TASK TO CARRY OUT:
Your task is to write out the lines from the line containing "#214=CARTESIAN_POINT('',(0.,3.5,0.));" through the last line of the material, exactly.

##### GIVEN ENTRIES

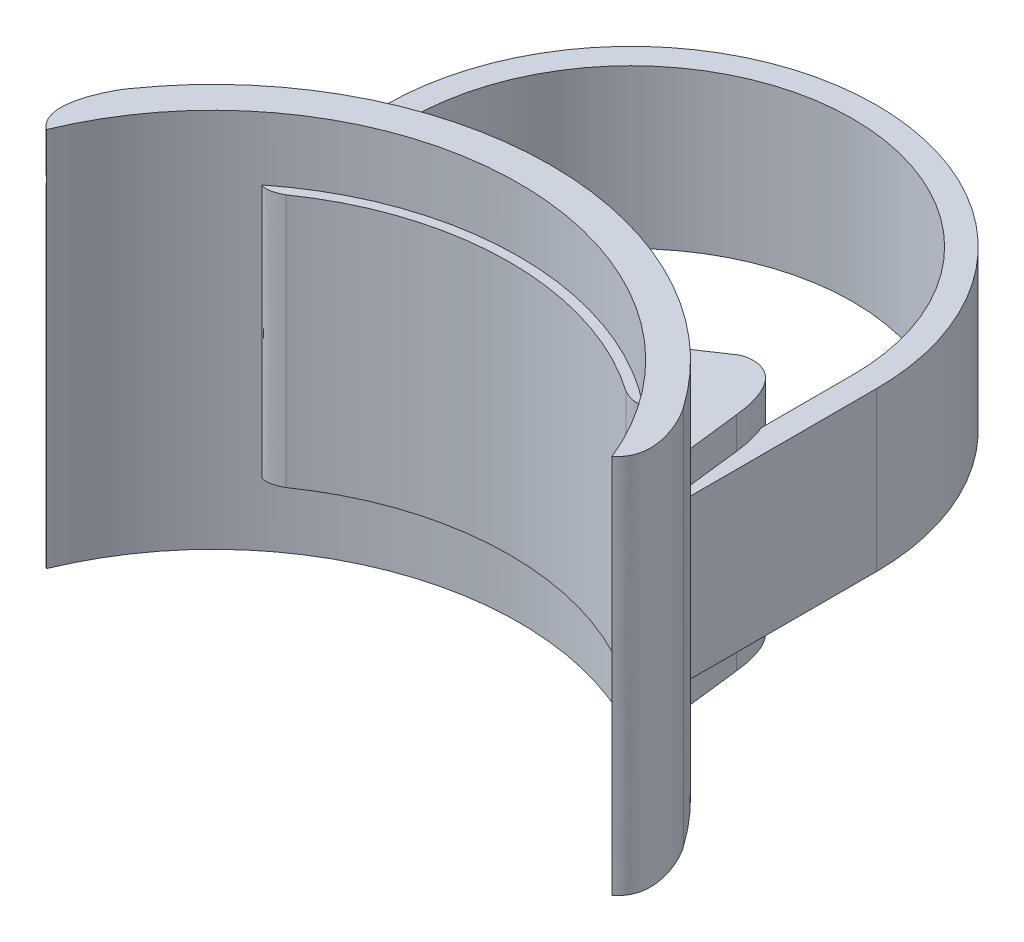
ISO-10303-21;
HEADER;
FILE_DESCRIPTION(('STEP AP214'),'2;1');
FILE_NAME('part.step','',(''),(''),'','','');
FILE_SCHEMA(('AUTOMOTIVE_DESIGN { 1 0 10303 214 1 1 1 1 }'));
ENDSEC;
DATA;
#1=APPLICATION_CONTEXT('core data for automotive mechanical design processes');
#2=APPLICATION_PROTOCOL_DEFINITION('international standard','automotive_design',2000,#1);
#3=PRODUCT_CONTEXT('',#1,'mechanical');
#4=PRODUCT('Part','Part','',(#3));
#5=PRODUCT_RELATED_PRODUCT_CATEGORY('part','',(#4));
#6=PRODUCT_DEFINITION_FORMATION('','',#4);
#7=PRODUCT_DEFINITION_CONTEXT('part definition',#1,'design');
#8=PRODUCT_DEFINITION('design','',#6,#7);
#9=PRODUCT_DEFINITION_SHAPE('','',#8);
#10=(LENGTH_UNIT() NAMED_UNIT(*) SI_UNIT(.MILLI.,.METRE.));
#11=(NAMED_UNIT(*) PLANE_ANGLE_UNIT() SI_UNIT($,.RADIAN.));
#12=(NAMED_UNIT(*) SI_UNIT($,.STERADIAN.) SOLID_ANGLE_UNIT());
#13=UNCERTAINTY_MEASURE_WITH_UNIT(LENGTH_MEASURE(1.E-05),#10,'distance_accuracy_value','');
#14=(GEOMETRIC_REPRESENTATION_CONTEXT(3) GLOBAL_UNCERTAINTY_ASSIGNED_CONTEXT((#13)) GLOBAL_UNIT_ASSIGNED_CONTEXT((#10,
#11,#12)) REPRESENTATION_CONTEXT('',''));
#15=CARTESIAN_POINT('',(0.,0.,0.));
#16=DIRECTION('',(0.,0.,1.));
#17=DIRECTION('',(1.,0.,0.));
#18=AXIS2_PLACEMENT_3D('',#15,#16,#17);
#19=CARTESIAN_POINT('',(0.,6.,0.));
#20=DIRECTION('',(0.,-1.,0.));
#21=DIRECTION('',(0.,0.,-1.));
#22=AXIS2_PLACEMENT_3D('',#19,#20,#21);
#23=CYLINDRICAL_SURFACE('',#22,9.65);
#24=CARTESIAN_POINT('',(0.,-6.,0.));
#25=DIRECTION('',(0.,-1.,0.));
#26=DIRECTION('',(0.,0.,1.));
#27=AXIS2_PLACEMENT_3D('',#24,#25,#26);
#28=CIRCLE('',#27,9.65);
#29=CARTESIAN_POINT('',(-8.92789337007722,-6.,-3.66267934339483));
#30=VERTEX_POINT('',#29);
#31=CARTESIAN_POINT('',(8.92789337007722,-6.,-3.66267934339483));
#32=VERTEX_POINT('',#31);
#33=EDGE_CURVE('E449',#30,#32,#28,.T.);
#34=ORIENTED_EDGE('',*,*,#33,.T.);
#35=DIRECTION('',(0.,-1.,0.));
#36=VECTOR('',#35,1.);
#37=CARTESIAN_POINT('',(8.92789337007722,6.,-3.66267934339483));
#38=LINE('',#37,#36);
#39=CARTESIAN_POINT('',(8.92789337007722,6.,-3.66267934339483));
#40=VERTEX_POINT('',#39);
#41=EDGE_CURVE('E448',#40,#32,#38,.T.);
#42=ORIENTED_EDGE('',*,*,#41,.F.);
#43=CARTESIAN_POINT('',(0.,6.,0.));
#44=DIRECTION('',(0.,-1.,0.));
#45=DIRECTION('',(0.,0.,1.));
#46=AXIS2_PLACEMENT_3D('',#43,#44,#45);
#47=CIRCLE('',#46,9.65);
#48=CARTESIAN_POINT('',(-8.92789337007722,6.,-3.66267934339483));
#49=VERTEX_POINT('',#48);
#50=EDGE_CURVE('E414',#49,#40,#47,.T.);
#51=ORIENTED_EDGE('',*,*,#50,.F.);
#52=DIRECTION('',(0.,-1.,0.));
#53=VECTOR('',#52,1.);
#54=CARTESIAN_POINT('',(-8.92789337007722,6.,-3.66267934339483));
#55=LINE('',#54,#53);
#56=EDGE_CURVE('E454',#49,#30,#55,.T.);
#57=ORIENTED_EDGE('',*,*,#56,.T.);
#58=EDGE_LOOP('',(#34,#42,#51,#57));
#59=FACE_BOUND('',#58,.T.);
#60=CARTESIAN_POINT('',(0.,4.,0.));
#61=DIRECTION('',(0.,1.,0.));
#62=DIRECTION('',(0.,0.,1.));
#63=AXIS2_PLACEMENT_3D('',#60,#61,#62);
#64=CIRCLE('',#63,9.65);
#65=CARTESIAN_POINT('',(6.01329510591382,4.,-7.54736920848536));
#66=VERTEX_POINT('',#65);
#67=CARTESIAN_POINT('',(-6.01329510591382,4.,-7.54736920848536));
#68=VERTEX_POINT('',#67);
#69=EDGE_CURVE('E66',#66,#68,#64,.T.);
#70=ORIENTED_EDGE('',*,*,#69,.F.);
#71=DIRECTION('',(0.,-1.,0.));
#72=VECTOR('',#71,1.);
#73=CARTESIAN_POINT('',(6.01329510591382,4.,-7.54736920848536));
#74=LINE('',#73,#72);
#75=CARTESIAN_POINT('',(6.01329510591382,-4.,-7.54736920848536));
#76=VERTEX_POINT('',#75);
#77=EDGE_CURVE('E257',#66,#76,#74,.T.);
#78=ORIENTED_EDGE('',*,*,#77,.T.);
#79=CARTESIAN_POINT('',(0.,-4.,0.));
#80=DIRECTION('',(0.,1.,0.));
#81=DIRECTION('',(0.,0.,1.));
#82=AXIS2_PLACEMENT_3D('',#79,#80,#81);
#83=CIRCLE('',#82,9.65);
#84=CARTESIAN_POINT('',(-6.01329510591382,-4.,-7.54736920848536));
#85=VERTEX_POINT('',#84);
#86=EDGE_CURVE('E246',#76,#85,#83,.T.);
#87=ORIENTED_EDGE('',*,*,#86,.T.);
#88=DIRECTION('',(0.,-1.,0.));
#89=VECTOR('',#88,1.);
#90=CARTESIAN_POINT('',(-6.01329510591381,4.,-7.54736920848536));
#91=LINE('',#90,#89);
#92=EDGE_CURVE('E65',#68,#85,#91,.T.);
#93=ORIENTED_EDGE('',*,*,#92,.F.);
#94=EDGE_LOOP('',(#70,#78,#87,#93));
#95=FACE_BOUND('',#94,.T.);
#96=ADVANCED_FACE('F42',(#59,#95),#23,.F.);
#97=CARTESIAN_POINT('',(0.,6.,0.));
#98=DIRECTION('',(0.,-1.,0.));
#99=DIRECTION('',(0.,0.,-1.));
#100=AXIS2_PLACEMENT_3D('',#97,#98,#99);
#101=CYLINDRICAL_SURFACE('',#100,10.65);
#102=CARTESIAN_POINT('',(0.,-6.,0.));
#103=DIRECTION('',(0.,1.,0.));
#104=DIRECTION('',(0.,0.,1.));
#105=AXIS2_PLACEMENT_3D('',#102,#103,#104);
#106=CIRCLE('',#105,10.65);
#107=CARTESIAN_POINT('',(8.72491438877498,-6.,-6.1072390577533));
#108=VERTEX_POINT('',#107);
#109=CARTESIAN_POINT('',(-8.72491438877497,-6.,-6.1072390577533));
#110=VERTEX_POINT('',#109);
#111=EDGE_CURVE('E416',#108,#110,#106,.T.);
#112=ORIENTED_EDGE('',*,*,#111,.T.);
#113=DIRECTION('',(0.,-1.,0.));
#114=VECTOR('',#113,1.);
#115=CARTESIAN_POINT('',(-8.72491438877497,6.,-6.1072390577533));
#116=LINE('',#115,#114);
#117=CARTESIAN_POINT('',(-8.72491438877497,6.,-6.1072390577533));
#118=VERTEX_POINT('',#117);
#119=EDGE_CURVE('E471',#118,#110,#116,.T.);
#120=ORIENTED_EDGE('',*,*,#119,.F.);
#121=CARTESIAN_POINT('',(0.,6.,0.));
#122=DIRECTION('',(0.,1.,0.));
#123=DIRECTION('',(0.,0.,1.));
#124=AXIS2_PLACEMENT_3D('',#121,#122,#123);
#125=CIRCLE('',#124,10.65);
#126=CARTESIAN_POINT('',(8.72491438877498,6.,-6.1072390577533));
#127=VERTEX_POINT('',#126);
#128=EDGE_CURVE('E428',#127,#118,#125,.T.);
#129=ORIENTED_EDGE('',*,*,#128,.F.);
#130=DIRECTION('',(0.,-1.,0.));
#131=VECTOR('',#130,1.);
#132=CARTESIAN_POINT('',(8.72491438877498,6.,-6.1072390577533));
#133=LINE('',#132,#131);
#134=EDGE_CURVE('E465',#127,#108,#133,.T.);
#135=ORIENTED_EDGE('',*,*,#134,.T.);
#136=EDGE_LOOP('',(#112,#120,#129,#135));
#137=FACE_BOUND('',#136,.T.);
#138=CARTESIAN_POINT('',(0.,3.5,0.));
#139=DIRECTION('',(0.,1.,0.));
#140=DIRECTION('',(0.,0.,1.));
#141=AXIS2_PLACEMENT_3D('',#138,#139,#140);
#142=CIRCLE('',#141,10.65);
#143=CARTESIAN_POINT('',(-4.05139613421545,3.5,-9.84929892752089));
#144=VERTEX_POINT('',#143);
#145=CARTESIAN_POINT('',(-7.44997939610248,3.5,-7.61053920544718));
#146=VERTEX_POINT('',#145);
#147=EDGE_CURVE('E575',#144,#146,#142,.T.);
#148=ORIENTED_EDGE('',*,*,#147,.T.);
#149=DIRECTION('',(0.,-1.,0.));
#150=VECTOR('',#149,1.);
#151=CARTESIAN_POINT('',(-7.44997939610248,3.5,-7.61053920544718));
#152=LINE('',#151,#150);
#153=CARTESIAN_POINT('',(-7.44997939610248,2.5,-7.61053920544718));
#154=VERTEX_POINT('',#153);
#155=EDGE_CURVE('E568',#146,#154,#152,.T.);
#156=ORIENTED_EDGE('',*,*,#155,.T.);
#157=CARTESIAN_POINT('',(0.,2.5,0.));
#158=DIRECTION('',(0.,1.,0.));
#159=DIRECTION('',(0.,0.,1.));
#160=AXIS2_PLACEMENT_3D('',#157,#158,#159);
#161=CIRCLE('',#160,10.65);
#162=CARTESIAN_POINT('',(-7.75,2.5,-7.30479294709987));
#163=VERTEX_POINT('',#162);
#164=EDGE_CURVE('E484',#154,#163,#161,.T.);
#165=ORIENTED_EDGE('',*,*,#164,.T.);
#166=DIRECTION('',(0.,-1.,0.));
#167=VECTOR('',#166,1.);
#168=CARTESIAN_POINT('',(-7.75,6.,-7.30479294709987));
#169=LINE('',#168,#167);
#170=CARTESIAN_POINT('',(-7.75,-2.5,-7.30479294709987));
#171=VERTEX_POINT('',#170);
#172=EDGE_CURVE('E481',#171,#163,#169,.F.);
#173=ORIENTED_EDGE('',*,*,#172,.F.);
#174=CARTESIAN_POINT('',(0.,-2.5,0.));
#175=DIRECTION('',(0.,1.,0.));
#176=DIRECTION('',(0.,0.,1.));
#177=AXIS2_PLACEMENT_3D('',#174,#175,#176);
#178=CIRCLE('',#177,10.65);
#179=CARTESIAN_POINT('',(-7.44997939610248,-2.5,-7.61053920544718));
#180=VERTEX_POINT('',#179);
#181=EDGE_CURVE('E478',#180,#171,#178,.T.);
#182=ORIENTED_EDGE('',*,*,#181,.F.);
#183=CARTESIAN_POINT('',(-7.44997939610248,-3.5,-7.61053920544718));
#184=VERTEX_POINT('',#183);
#185=EDGE_CURVE('E511',#180,#184,#152,.T.);
#186=ORIENTED_EDGE('',*,*,#185,.T.);
#187=CARTESIAN_POINT('',(0.,-3.5,0.));
#188=DIRECTION('',(0.,1.,0.));
#189=DIRECTION('',(0.,0.,1.));
#190=AXIS2_PLACEMENT_3D('',#187,#188,#189);
#191=CIRCLE('',#190,10.65);
#192=CARTESIAN_POINT('',(-4.05139613421545,-3.5,-9.84929892752089));
#193=VERTEX_POINT('',#192);
#194=EDGE_CURVE('E584',#193,#184,#191,.T.);
#195=ORIENTED_EDGE('',*,*,#194,.F.);
#196=DIRECTION('',(0.,-1.,0.));
#197=VECTOR('',#196,1.);
#198=CARTESIAN_POINT('',(-4.05139613421545,3.5,-9.84929892752089));
#199=LINE('',#198,#197);
#200=EDGE_CURVE('E574',#144,#193,#199,.T.);
#201=ORIENTED_EDGE('',*,*,#200,.F.);
#202=EDGE_LOOP('',(#148,#156,#165,#173,#182,#186,#195,#201));
#203=FACE_BOUND('',#202,.T.);
#204=DIRECTION('',(0.,-1.,0.));
#205=VECTOR('',#204,1.);
#206=CARTESIAN_POINT('',(7.44997939610248,3.5,-7.61053920544718));
#207=LINE('',#206,#205);
#208=CARTESIAN_POINT('',(7.44997939610248,3.5,-7.61053920544718));
#209=VERTEX_POINT('',#208);
#210=CARTESIAN_POINT('',(7.44997939610248,2.5,-7.61053920544718));
#211=VERTEX_POINT('',#210);
#212=EDGE_CURVE('E329',#209,#211,#207,.T.);
#213=ORIENTED_EDGE('',*,*,#212,.F.);
#214=CARTESIAN_POINT('',(0.,3.5,0.));
#215=DIRECTION('',(0.,1.,0.));
#216=DIRECTION('',(0.,0.,1.));
#217=AXIS2_PLACEMENT_3D('',#214,#215,#216);
#218=CIRCLE('',#217,10.65);
#219=CARTESIAN_POINT('',(4.05139613421545,3.5,-9.84929892752089));
#220=VERTEX_POINT('',#219);
#221=EDGE_CURVE('E313',#220,#209,#218,.F.);
#222=ORIENTED_EDGE('',*,*,#221,.F.);
#223=DIRECTION('',(0.,-1.,0.));
#224=VECTOR('',#223,1.);
#225=CARTESIAN_POINT('',(4.05139613421545,3.5,-9.84929892752089));
#226=LINE('',#225,#224);
#227=CARTESIAN_POINT('',(4.05139613421545,-3.5,-9.84929892752089));
#228=VERTEX_POINT('',#227);
#229=EDGE_CURVE('E332',#220,#228,#226,.T.);
#230=ORIENTED_EDGE('',*,*,#229,.T.);
#231=CARTESIAN_POINT('',(0.,-3.5,0.));
#232=DIRECTION('',(0.,1.,0.));
#233=DIRECTION('',(0.,0.,1.));
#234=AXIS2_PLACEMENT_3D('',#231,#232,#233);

##########

SOLUTION TO THIS TASK:
#214=CARTESIAN_POINT('',(0.,3.5,0.));
#215=DIRECTION('',(0.,1.,0.));
#216=DIRECTION('',(0.,0.,1.));
#217=AXIS2_PLACEMENT_3D('',#214,#215,#216);
#218=CIRCLE('',#217,10.65);
#219=CARTESIAN_POINT('',(4.05139613421545,3.5,-9.84929892752089));
#220=VERTEX_POINT('',#219);
#221=EDGE_CURVE('E313',#220,#209,#218,.F.);
#222=ORIENTED_EDGE('',*,*,#221,.F.);
#223=DIRECTION('',(0.,-1.,0.));
#224=VECTOR('',#223,1.);
#225=CARTESIAN_POINT('',(4.05139613421545,3.5,-9.84929892752089));
#226=LINE('',#225,#224);
#227=CARTESIAN_POINT('',(4.05139613421545,-3.5,-9.84929892752089));
#228=VERTEX_POINT('',#227);
#229=EDGE_CURVE('E332',#220,#228,#226,.T.);
#230=ORIENTED_EDGE('',*,*,#229,.T.);
#231=CARTESIAN_POINT('',(0.,-3.5,0.));
#232=DIRECTION('',(0.,1.,0.));
#233=DIRECTION('',(0.,0.,1.));
#234=AXIS2_PLACEMENT_3D('',#231,#232,#233);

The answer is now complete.